The Salve of Self-Pity
The Spirit Returneth.
by Selma Stern.
Translated by Ludwig Lewisohn. Philadelphia, The Jewish Publication Society of America, 1946. 265 pp. $3.00.

 

This historical novel, by a German historian now in this country, deals with the massacres of German Jews in the 14th century, and is an effort to put the past and the present in a juxtaposition shedding clarity on both. Unfortunately, the attempts fails—especially as a novel. Issues and characters are drawn in sharp black and white; understanding and sympathy are frightened away by the author’s unrestrained emotional treatment. Whatever trust we can place in Miss Stern’s understanding of the historical background is weakened by her book’s romantic simplicity and dense religious revivalism.

The story deals, in thinly related episodes, with a series of pogroms that swept the Rhine towns of Germany during the years of the Black Death. The massacre of the Jews is causally related to the superstitious fears of the townspeople in the face of the plague. Their terror is brought to its climax by rumors of a new plot of the Jews against Christendom. At the same time, the Jews play a part in the class struggle between trade-guild workmen and the ruling aristocracy of the cities. Aroused by the confessions tortured from individual Jews and by demagogic appeals of guild leaders and religious fanatics, the masses burn and kill in one ghetto after another.

The romanticism of the Jew who writes and reads in the vein of Selma Stern is of a particularly self-protective kind that comforts but does not cure. Every tragedy finds relief in a universal extension, and in this book the chain of previous suffering and exile is used to create a final reassurance. Miss Stern’s book imitates the style and mood of the Bible, and also the atmosphere of the Beth Hamedrash, presenting the concept of a unique historical and religious mission for the Jews. The comfort offered here is that of the prophecies and lamentations of the Bible, which regard exile, suffering, and death as the Jews’ particular service to humanity. Since God takes the responsibility for their suffering, and since God cannot be blamed, the necessary consequence is a mystical consecration of Jewish martyrdom: throughout history the Jews must provide a series of blood sacrifices in order to make God’s purposes clear, and fulfill them.

Another thread that runs through this novel is the legend of Esau, of Edom, the eternal enemy of Israel.

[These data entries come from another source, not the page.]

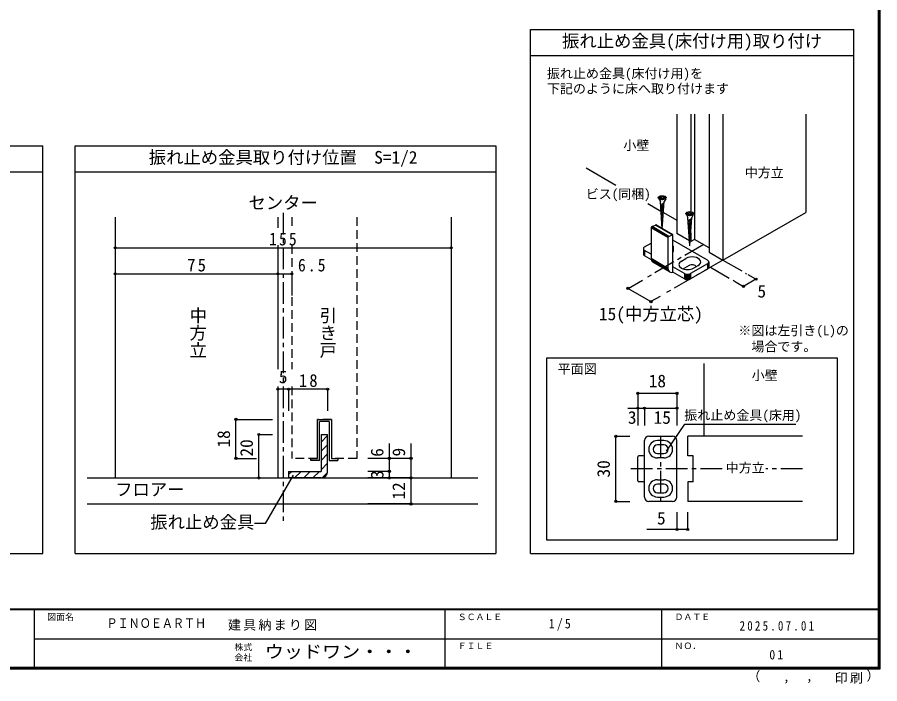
# Model space of a CAD drawing. Units: millimetres at full size, sheet at 1:5, with parts at other scales. Extents: x -973 to 977, y -718 to 696.
# Drawn here: x -18 to 977, y -718 to 51 of the extents above; entities that cross this region are included whole.
import ezdxf
from ezdxf.enums import TextEntityAlignment as Align

# ---------------------------------------------------------------- set-up
doc = ezdxf.new("R2010")
doc.units = ezdxf.units.MM
doc.header["$LTSCALE"] = 5
doc.header["$PDMODE"] = 32
doc.header["$PDSIZE"] = 2.5
doc.linetypes.add('CHAIN1', pattern=[8, 5, -1, 1, -1])
doc.linetypes.add('DASHED2', pattern=[3, 2, -1])
for name, color, linetype in [('0-6_扉', 2, 'Continuous'), ('0-7_金物', 7, 'Continuous'), ('0-A_文字', 7, 'Continuous'), ('0-B_寸法', 7, 'Continuous'), ('1-1_通り芯', 4, 'CHAIN1'), ('1-3_仕上げ', 2, 'Continuous'), ('1-4_枠', 3, 'Continuous'), ('1-6_扉', 7, 'DASHED2'), ('1-7_金物', 7, 'Continuous'), ('1-A_文字', 7, 'Continuous'), ('1-B_寸法', 7, 'Continuous'), ('F-1_枠', 6, 'Continuous'), ('F-A_文字', 7, 'Continuous')]:
    doc.layers.add(name, color=color, linetype=linetype)
doc.styles.add('@ＭＳ ゴシック', font='')
doc.styles.add('ＭＳ ゴシック', font='')
doc.styles.get('@ＭＳ ゴシック').set_extended_font_data('@MS Gothic')
doc.styles.get('ＭＳ ゴシック').set_extended_font_data('MS Gothic')

msp = doc.modelspace()

# ---------------------------------------------------------------- linework, layer by layer
at = {"layer": '0-6_扉'}
for p, q in [((742.758, -60.971), (742.758, -198.71)), ((758.668, -60.971), (758.668, -173.427)), ((763.087, -60.971), (763.087, -205.344)), ((779.881, -60.971), (779.881, -220.143)), ((795.791, -60.971), (795.791, -229.329)), ((891.25, -60.971), (891.25, -174.215)), ((757.255, -207.08), (742.758, -198.71)), ((758.668, -197.994), (758.668, -207.895)), ((758.668, -207.895), (757.98, -207.498)), ((763.087, -205.344), (758.668, -207.895)), ((779.881, -215.04), (763.087, -205.344))]:
    msp.add_line(p, q, dxfattribs=at)
at = {"layer": '0-6_扉', "color": 7}
for p, q in [((638.034, -122.938), (672.327, -142.737)), ((709.366, -164.122), (724.381, -172.791)), ((727.137, -174.382), (742.758, -183.401))]:
    msp.add_line(p, q, dxfattribs=at)
at = {"layer": '0-6_扉'}
msp.add_lwpolyline([(779.881, -220.143), (795.791, -229.329), (891.25, -174.215)], dxfattribs=at)
at = {"layer": '0-7_金物'}
for p, q in [((721.827, -158.608), (723.651, -161.767)), ((721.932, -156.836), (725.295, -156.836)), ((721.932, -156.836), (721.932, -157.87)), ((721.932, -157.87), (725.295, -157.87)), ((725.295, -156.836), (725.295, -155.32)), ((725.295, -155.32), (726.329, -155.32)), ((725.295, -159.386), (725.295, -157.87)), ((726.329, -156.836), (726.329, -155.32)), ((726.329, -156.836), (729.692, -156.836)), ((729.797, -158.608), (727.973, -161.767)), ((729.692, -157.87), (729.692, -156.836)), ((725.725, -193.07), (723.651, -161.767)), ((727.868, -163.342), (723.904, -165.586)), ((727.761, -164.97), (724.004, -167.097)), ((727.653, -166.598), (724.104, -168.607)), ((727.545, -168.226), (724.204, -170.118)), ((725.295, -159.386), (726.329, -159.386)), ((725.892, -193.17), (727.973, -161.767)), ((727.437, -169.854), (724.304, -171.628)), ((727.329, -171.483), (724.404, -173.138)), ((727.221, -173.111), (724.504, -174.649)), ((727.113, -174.739), (724.604, -176.159)), ((727.006, -176.367), (724.704, -177.67)), ((726.898, -177.995), (724.804, -179.18)), ((753.646, -176.979), (755.471, -180.139)), ((753.752, -175.207), (757.115, -175.207)), ((753.752, -175.207), (753.752, -176.241)), ((753.752, -176.241), (757.115, -176.241)), ((757.115, -175.207), (757.115, -173.691)), ((757.115, -173.691), (758.149, -173.691)), ((757.115, -177.757), (757.115, -176.241)), ((757.115, -177.757), (758.149, -177.757)), ((758.149, -175.207), (758.149, -173.691)), ((758.149, -175.207), (761.512, -175.207)), ((761.617, -176.979), (759.793, -180.139)), ((761.512, -176.241), (761.512, -175.207)), ((714.115, -190.412), (717.945, -188.805)), ((737.229, -200.295), (717.945, -188.805)), ((737.476, -200.228), (718.193, -188.737)), ((737.707, -200.239), (718.424, -188.749)), ((737.906, -200.328), (718.622, -188.838)), ((726.79, -179.623), (724.904, -180.691)), ((726.682, -181.251), (725.005, -182.201)), ((726.574, -182.879), (725.105, -183.711)), ((726.466, -184.508), (725.205, -185.222)), ((726.358, -186.136), (725.305, -186.732)), ((726.25, -187.764), (725.405, -188.243)), ((757.632, -212.757), (755.471, -180.139)), ((759.688, -181.713), (755.724, -183.958)), ((759.58, -183.341), (755.824, -185.468)), ((759.473, -184.969), (755.924, -186.978)), ((759.365, -186.597), (756.024, -188.489)), ((759.257, -188.226), (756.124, -189.999)), ((757.632, -212.757), (759.793, -180.139)), ((732.441, -203.386), (713.157, -191.896)), ((713.157, -191.896), (713.157, -227.619)), ((732.473, -203.093), (713.19, -191.602)), ((732.569, -202.791), (713.285, -191.301)), ((732.721, -202.503), (713.438, -191.013)), ((732.92, -202.248), (713.636, -190.757)), ((733.151, -202.043), (713.867, -190.552)), ((733.398, -201.902), (714.115, -190.412)), ((726.143, -189.392), (725.505, -189.753)), ((726.035, -191.02), (725.605, -191.263)), ((759.149, -189.854), (756.224, -191.51)), ((759.041, -191.482), (756.324, -193.02)), ((758.933, -193.11), (756.424, -194.53)), ((758.825, -194.738), (756.524, -196.041)), ((758.717, -196.366), (756.624, -197.551)), ((758.61, -197.994), (756.724, -199.062)), ((732.441, -203.386), (732.441, -239.11)), ((733.398, -201.902), (737.229, -200.295)), ((738.186, -243.195), (738.186, -200.976)), ((777.961, -229.416), (738.186, -206.452)), ((758.502, -199.623), (756.824, -200.572)), ((758.394, -201.251), (756.924, -202.083)), ((758.286, -202.879), (757.024, -203.593)), ((758.178, -204.507), (757.125, -205.103)), ((758.07, -206.135), (757.225, -206.614)), ((757.962, -207.763), (757.325, -208.124)), ((704.018, -216.148), (704.018, -222.272)), ((704.188, -216.895), (704.188, -223.019)), ((704.688, -217.592), (704.688, -223.715)), ((705.482, -214.107), (713.157, -209.676)), ((713.157, -222.621), (705.482, -218.19)), ((705.482, -218.19), (705.482, -224.313)), ((738.463, -213.086), (738.463, -219.21)), ((757.855, -209.391), (757.425, -209.635)), ((713.261, -228.804), (705.482, -224.313)), ((732.441, -239.11), (713.157, -227.619)), ((747.909, -230.437), (753.212, -227.375)), ((732.637, -240.709), (713.353, -229.218)), ((733.211, -242.035), (713.927, -230.544)), ((734.124, -242.997), (714.84, -231.506)), ((751.444, -244.726), (738.186, -237.071)), ((756.748, -235.54), (751.444, -238.602)), ((777.961, -233.499), (758.515, -244.726)), ((762.051, -238.602), (767.354, -235.54)), ((777.961, -233.499), (777.961, -239.623)), ((778.755, -232.901), (778.755, -239.025)), ((779.255, -232.205), (779.255, -238.329)), ((779.425, -231.458), (779.425, -237.581)), ((751.444, -250.849), (738.186, -243.195)), ((751.444, -244.726), (751.444, -250.849)), ((752.48, -245.184), (752.48, -251.308)), ((753.686, -245.473), (753.686, -251.597)), ((754.98, -245.571), (754.98, -251.695)), ((756.274, -245.473), (756.274, -251.597)), ((757.48, -245.184), (757.48, -251.308)), ((777.961, -239.623), (758.515, -250.849)), ((758.515, -244.726), (758.515, -250.849)), ((592.791, -342.079), (927.65, -342.079)), ((592.791, -552.197), (592.791, -342.079)), ((927.65, -342.079), (927.65, -552.197)), ((927.65, -552.197), (592.791, -552.197))]:
    msp.add_line(p, q, dxfattribs=at)
for points in [[(726.329, -159.386), (726.329, -157.87), (729.692, -157.87)], [(758.149, -177.757), (758.149, -176.241), (761.512, -176.241)]]:
    msp.add_lwpolyline(points, dxfattribs=at)
for centre in [(725.812, -157.353), (757.632, -175.724)]:
    msp.add_ellipse(centre, major_axis=(4.71, 0), ratio=0.5, dxfattribs=at)
for centre, major_axis, ratio, start_param, end_param in [((717.945, -189.887), (0.64, 1.074), 0.663414, 6.2296055, 7.0150037), ((714.115, -191.494), (0.64, 1.074), 0.663414, 0.7318184, 2.3026147), ((733.398, -202.985), (0.64, 1.074), 0.663414, 0.7318184, 2.3026147), ((737.229, -201.378), (0.64, 1.074), 0.663414, 5.4442074, 7.0150037), ((709.018, -216.148), (-5, 0), 0.57735, 5.4977871, 7.0685835), ((728.463, -213.086), (10, 0), 0.57735, 6.047146, 6.5192246), ((728.463, -219.21), (10, 0), 0.57735, 6.047146, 6.5192246), ((709.018, -222.272), (-5, 0), 0.57735, 6.2831853, 7.0685835), ((718.903, -225.209), (3.839, 6.443), 0.663414, 2.3026147, 3.0880129), ((760.283, -231.458), (10, 0), 0.57735, 5.4977871, 8.6393798), ((754.98, -234.52), (10, 0), 0.57735, 2.3561945, 5.4977871), ((754.98, -240.643), (5, 0), 0.57735, 2.3561945, 2.7802255), ((760.283, -237.581), (5, 0), 0.57735, 0.2617994, 2.3561945), ((774.425, -231.458), (-5, 0), 0.57735, 2.3561945, 3.9269908), ((774.425, -237.581), (-5, 0), 0.57735, 2.3561945, 3.1415927), ((738.186, -236.7), (3.839, 6.443), 0.663414, 2.3026147, 3.873411), ((754.98, -242.684), (-5, 0), 0.57735, 0.7853982, 2.3561945), ((754.98, -248.808), (-5, 0), 0.57735, 0.7853982, 2.3561945)]:
    msp.add_ellipse(centre, major_axis=major_axis, ratio=ratio, start_param=start_param, end_param=end_param, dxfattribs=at)
at = {"layer": '0-A_文字', "color": 3}
for p, q in [((573.927, 36.633), (946.639, 36.633)), ((573.927, -567.5), (573.927, 36.633)), ((946.639, -567.5), (946.639, 36.633)), ((573.927, 6.633), (946.639, 6.633)), ((533.927, -97.5), (533.927, -567.5)), ((48.983, -127.5), (533.927, -127.5)), ((48.983, -567.5), (533.927, -567.5)), ((573.927, -567.5), (946.639, -567.5))]:
    msp.add_line(p, q, dxfattribs=at)
at = {"layer": '0-A_文字', "color": 4}
for p, q in [((730.648, -449.741), (751.872, -418.374)), ((751.872, -418.374), (879.86, -418.374))]:
    msp.add_line(p, q, dxfattribs=at)
at = {"layer": '0-A_文字', "color": 3}
msp.add_lwpolyline([(48.983, -567.5), (48.983, -97.5), (533.927, -97.5)], dxfattribs=at)
at = {"layer": '0-B_寸法', "color": 3}
for p, q in [((-508.596, -97.5), (11.483, -97.5)), ((-508.596, -127.5), (11.483, -127.5))]:
    msp.add_line(p, q, dxfattribs=at)
at = {"layer": '0-B_寸法', "color": 4, "linetype": 'CHAIN1'}
for p, q in [((773.694, -211.468), (705.123, -251.057)), ((795.791, -229.329), (726.326, -269.434)), ((781.496, -237.581), (810.893, -254.554)), ((795.791, -229.329), (822.897, -244.978))]:
    msp.add_line(p, q, dxfattribs=at)
at = {"layer": '0-B_寸法', "color": 4}
for p, q in [((833.828, -251.289), (824.857, -246.11)), ((686.339, -261.902), (702.982, -252.293)), ((810.893, -254.554), (819.534, -259.542)), ((833.828, -251.289), (819.534, -259.542)), ((686.339, -261.902), (712.855, -277.211)), ((723.313, -271.174), (712.855, -277.211))]:
    msp.add_line(p, q, dxfattribs=at)
at = {"layer": '0-B_寸法', "color": 3}
msp.add_lwpolyline([(-508.596, -567.5), (11.483, -567.5), (11.483, -97.5)], dxfattribs=at)
at = {"layer": '0-B_寸法'}
for p in [(819.534, -259.542), (833.828, -251.289), (686.339, -261.902), (712.855, -277.211)]:
    msp.add_point(p, dxfattribs=at)
at = {"layer": '1-1_通り芯'}
msp.add_line((288.693, -174.852), (288.693, -532.789), dxfattribs=at)
at = {"layer": '1-3_仕上げ'}
for p, q in [((773.991, -432.479), (773.991, -348.529)), ((62.687, -480.443), (513.181, -480.443)), ((62.687, -510.443), (513.181, -510.443))]:
    msp.add_line(p, q, dxfattribs=at)
at = {"layer": '1-4_枠'}
for p, q in [((94.943, -179.652), (94.943, -480.443)), ((282.443, -179.652), (282.443, -192.081)), ((482.443, -179.652), (482.443, -480.443)), ((282.443, -212.081), (282.443, -355.167)), ((282.443, -375.167), (282.443, -480.443)), ((755.241, -454.979), (755.241, -432.479)), ((887.741, -432.479), (755.241, -432.479)), ((755.241, -484.979), (755.241, -507.479)), ((761.491, -484.979), (755.241, -484.979)), ((887.741, -507.479), (755.241, -507.479))]:
    msp.add_line(p, q, dxfattribs=at)
at = {"layer": '1-4_枠', "color": 4, "linetype": 'CHAIN1'}
for p, q in [((723.991, -432.479), (723.991, -507.479)), ((794.776, -469.979), (688.537, -469.979)), ((887.741, -469.979), (845.331, -469.979))]:
    msp.add_line(p, q, dxfattribs=at)
at = {"layer": '1-4_枠'}
msp.add_lwpolyline([(761.491, -484.979), (761.491, -454.979), (755.241, -454.979)], dxfattribs=at)
at = {"layer": '1-6_扉'}
for p, q in [((298.693, -179.652), (298.693, -192.081)), ((373.693, -179.652), (373.693, -457.943)), ((298.693, -212.081), (298.693, -355.167)), ((298.693, -375.167), (298.693, -457.943)), ((328.068, -457.943), (328.068, -412.943)), ((344.318, -412.943), (328.068, -412.943)), ((344.318, -412.943), (344.318, -457.943)), ((328.068, -457.943), (298.693, -457.943)), ((373.693, -457.943), (344.319, -457.943))]:
    msp.add_line(p, q, dxfattribs=at)
at = {"layer": '1-7_金物'}
for p, q in [((328.069, -457.943), (328.069, -412.943)), ((328.069, -412.943), (344.319, -412.943)), ((330.569, -460.443), (330.569, -415.443)), ((341.819, -415.443), (330.569, -415.443)), ((341.819, -415.443), (341.819, -460.443)), ((344.319, -412.943), (344.319, -457.943)), ((705.241, -502.479), (705.241, -437.479)), ((710.241, -432.479), (737.741, -432.479)), ((727.741, -437.479), (720.241, -437.479)), ((742.741, -502.479), (742.741, -437.479)), ((727.741, -442.479), (720.241, -442.479)), ((697.741, -483.729), (697.741, -456.229)), ((703.991, -454.979), (698.991, -454.979)), ((720.241, -452.479), (727.741, -452.479)), ((727.741, -457.479), (720.241, -457.479)), ((320.569, -457.943), (328.069, -457.943)), ((320.569, -460.443), (320.569, -457.943)), ((330.569, -460.443), (320.569, -460.443)), ((341.819, -460.443), (351.819, -460.443)), ((344.319, -457.943), (351.819, -457.943)), ((351.819, -457.943), (351.819, -460.443)), ((703.991, -484.979), (698.991, -484.979)), ((720.241, -482.479), (727.741, -482.479)), ((727.741, -487.479), (720.241, -487.479)), ((720.241, -497.479), (727.741, -497.479)), ((720.241, -502.479), (727.741, -502.479)), ((737.741, -507.479), (710.241, -507.479))]:
    msp.add_line(p, q, dxfattribs=at)
at = {"layer": '1-7_金物', "color": 3}
for p, q in [((332.444, -430.443), (339.944, -430.443)), ((332.444, -430.443), (332.444, -472.943)), ((339.944, -472.943), (339.944, -430.443)), ((294.944, -472.943), (294.944, -480.443)), ((294.944, -472.943), (332.444, -472.943)), ((332.444, -480.443), (294.944, -480.443))]:
    msp.add_line(p, q, dxfattribs=at)
at = {"layer": '1-7_金物', "color": 4}
for p, q in [((332.444, -439.149), (339.944, -431.649)), ((332.444, -449.755), (339.944, -442.255)), ((332.444, -460.362), (339.944, -452.862)), ((332.444, -470.968), (339.944, -463.468)), ((294.944, -476.649), (298.649, -472.943)), ((301.756, -480.443), (309.256, -472.943)), ((312.363, -480.443), (319.863, -472.943)), ((322.969, -480.443), (330.469, -472.943)), ((333.678, -480.341), (339.844, -474.175))]:
    msp.add_line(p, q, dxfattribs=at)
at = {"layer": '1-7_金物'}
for centre, radius, start, end in [((710.241, -437.479), 5, 90, 180), ((720.241, -447.479), 10, 90, 270), ((727.741, -447.479), 10, 270, 90), ((737.741, -437.479), 5, 0, 90), ((720.241, -447.479), 5, 90, 270), ((727.741, -447.479), 5, 270, 90), ((698.991, -456.229), 1.25, 90, 180), ((703.991, -456.229), 1.25, 0, 90), ((698.991, -483.729), 1.25, 180, 270), ((703.991, -483.729), 1.25, 270, 0), ((720.241, -492.479), 10, 90, 270), ((727.741, -492.479), 10, 270, 90), ((720.241, -492.479), 5, 90, 270), ((727.741, -492.479), 5, 270, 90), ((710.241, -502.479), 5, 180, 270), ((737.741, -502.479), 5, 270, 0)]:
    msp.add_arc(centre, radius, start, end, dxfattribs=at)
at = {"layer": '1-7_金物', "color": 3}
msp.add_arc((332.444, -472.943), 7.5, 270, 0, dxfattribs=at)
at = {"layer": '1-A_文字'}
for p, q in [((300.243, -477.231), (267.951, -533.162)), ((267.951, -533.162), (255.451, -533.162))]:
    msp.add_line(p, q, dxfattribs=at)
at = {"layer": '1-B_寸法', "color": 4}
for p, q in [((94.943, -215.081), (482.443, -215.081)), ((94.943, -245.081), (94.943, -270.081)), ((94.943, -245.081), (282.443, -245.081)), ((282.443, -245.081), (298.693, -245.081)), ((282.443, -245.081), (282.443, -270.081)), ((298.693, -245.081), (298.693, -270.081)), ((294.944, -378.167), (282.443, -378.167)), ((282.443, -378.167), (282.443, -403.167)), ((339.944, -378.167), (294.944, -378.167)), ((294.944, -378.167), (294.944, -403.167)), ((339.944, -378.167), (339.944, -403.167)), ((697.741, -382.871), (742.741, -382.871)), ((697.741, -382.871), (697.741, -399.979)), ((742.741, -382.871), (742.741, -399.979)), ((686.176, -399.979), (705.241, -399.979)), ((697.741, -399.979), (697.741, -419.979)), ((705.241, -399.979), (705.241, -419.979)), ((705.241, -399.979), (742.741, -399.979)), ((742.741, -399.979), (742.741, -419.979)), ((234.247, -412.943), (276.193, -412.943)), ((234.247, -457.943), (234.247, -412.943)), ((260.664, -480.443), (260.664, -430.443)), ((260.664, -430.443), (276.193, -430.443)), ((672.358, -432.479), (688.537, -432.479)), ((672.358, -507.479), (672.358, -432.479)), ((411.193, -472.943), (411.193, -440.616)), ((436.193, -480.443), (436.193, -440.616)), ((234.247, -457.943), (258.027, -457.943)), ((436.193, -457.943), (386.193, -457.943)), ((411.193, -472.943), (386.193, -472.943)), ((411.193, -480.443), (411.193, -472.943)), ((260.664, -480.443), (276.193, -480.443)), ((436.193, -480.443), (386.193, -480.443)), ((436.193, -510.443), (436.193, -480.443)), ((436.193, -510.443), (386.193, -510.443)), ((672.358, -507.479), (688.537, -507.479)), ((742.741, -519.979), (742.741, -539.995)), ((755.241, -539.995), (755.241, -519.979)), ((755.241, -539.995), (707.863, -539.995))]:
    msp.add_line(p, q, dxfattribs=at)
at = {"layer": '1-B_寸法'}
for p in [(94.943, -215.081), (482.443, -215.081), (94.943, -245.081), (282.443, -245.081), (298.693, -245.081), (282.443, -378.167), (294.944, -378.167), (339.944, -378.167), (697.741, -382.871), (742.741, -382.871), (697.741, -399.979), (705.241, -399.979), (742.741, -399.979), (234.247, -412.943), (260.664, -430.443), (672.358, -432.479), (234.247, -457.943), (411.193, -457.943), (436.193, -457.943), (411.193, -472.943), (260.664, -480.443), (411.193, -480.443), (436.193, -480.443), (672.358, -507.479), (436.193, -510.443), (742.741, -539.995), (755.241, -539.995)]:
    msp.add_point(p, dxfattribs=at)
at = {"layer": 'F-1_枠'}
for p, q in [((974.986, 695.833), (974.986, -700.833)), ((975.82, 695.833), (975.82, -700.833)), ((976.653, 695.833), (976.653, -700.833)), ((976.653, -631.667), (-973.347, -631.667)), ((976.653, -632.5), (-973.347, -632.5)), ((1.653, -632.5), (1.653, -699.167)), ((474.986, -632.5), (474.986, -699.167)), ((724.986, -632.5), (724.986, -699.167)), ((1.653, -665.833), (974.986, -665.834)), ((976.653, -699.167), (-973.347, -699.167)), ((976.653, -700), (-973.347, -700)), ((976.653, -700.833), (-973.347, -700.833))]:
    msp.add_line(p, q, dxfattribs=at)

# ---------------------------------------------------------------- texts
at = {"layer": '0-A_文字', "style": 'ＭＳ ゴシック'}
for s, height, p in [('振れ止め金具(床付け用)取り付け', 14.66, (610.283, 11.633)), ('振れ止め金具(床付け用)を', 11, (592.836, -22.826)), ('下記のように床へ取り付けます', 11, (592.836, -40.362)), ('小壁', 11, (680.945, -105.743)), ('振れ止め金具取り付け位置\u3000S=1/2', 14.66, (133.693, -122.5)), ('中方立', 11, (821.02, -137.19)), ('平面図', 11, (605.233, -363.556)), ('小壁', 11, (828.991, -370.987)), ('中方立', 11, (798.991, -477.479))]:
    msp.add_text(s, height=height, dxfattribs=at).set_placement(p, align=Align.BOTTOM_LEFT)
at = {"layer": '0-B_寸法', "style": 'ＭＳ ゴシック'}
for s, height, p in [('ビス(同梱)', 11, (637.559, -161.867)), ('5', 14.66, (835.599, -276.859)), ('15(中方立芯)', 14.66, (652.855, -303.072)), ('※図は左引き(L)の', 11, (813.589, -319.218)), ('\u3000場合です。', 11, (813.589, -337.799))]:
    msp.add_text(s, height=height, dxfattribs=at).set_placement(p, align=Align.BOTTOM_LEFT)
at = {"layer": '1-A_文字', "style": 'ＭＳ ゴシック'}
for s, height, p in [('センター', 14.66, (248.693, -174.852)), ('振れ止め金具(床用)', 11, (751.277, -416.875)), ('フロアー', 14.66, (94.943, -505.443)), ('振れ止め金具', 14.66, (135.451, -543.162))]:
    msp.add_text(s, height=height, dxfattribs=at).set_placement(p, align=Align.BOTTOM_LEFT)
at = {"layer": '1-A_文字', "style": '@ＭＳ ゴシック'}
for s, p in [('中方立', (178.693, -283.011)), ('引き戸', (328.693, -283.011))]:
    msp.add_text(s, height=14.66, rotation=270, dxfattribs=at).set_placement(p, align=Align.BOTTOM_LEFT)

Esau, the disinherited, will seek Jacob out to destroy him, and Jacob must flee or meet him trembling—and so the Bible never leaves us, and we relive its inevitable and rigorous patterns. The breach between the Jews and the rest of the world is confirmed, eternal enmity between the Chosen People and the Gentile is justified, and, by implication, we retreat gladly into the ghetto and await the next attack.

Fundamentalist Judaism of this type asks the Jews to accept isolation and martyrdom. As a religious justification, it takes away the impulse toward corrective social programs in which Jew and Gentile meet on a non-religious level. Remedies, cures, the break in the historical pattern—these are actually resisted unless they come as part of the machinery of revelation. Considered in this way, the spirit of Miss Stern’s book should arouse antagonism in those readers who would personally like to be committed to more mundane agencies of restoration in the world.

Perhaps this novel belongs in the category of romantic and edifying tales for children, for its tone is that of the Sunday school, and we hear echoes of our childish understanding of the stories of Esther and the Maccabees. One is reminded of the monotony of some Jewish songs and liturgy, where all the scales of life have run down to one, and the resulting tones are morbid, self-pitying, and weak.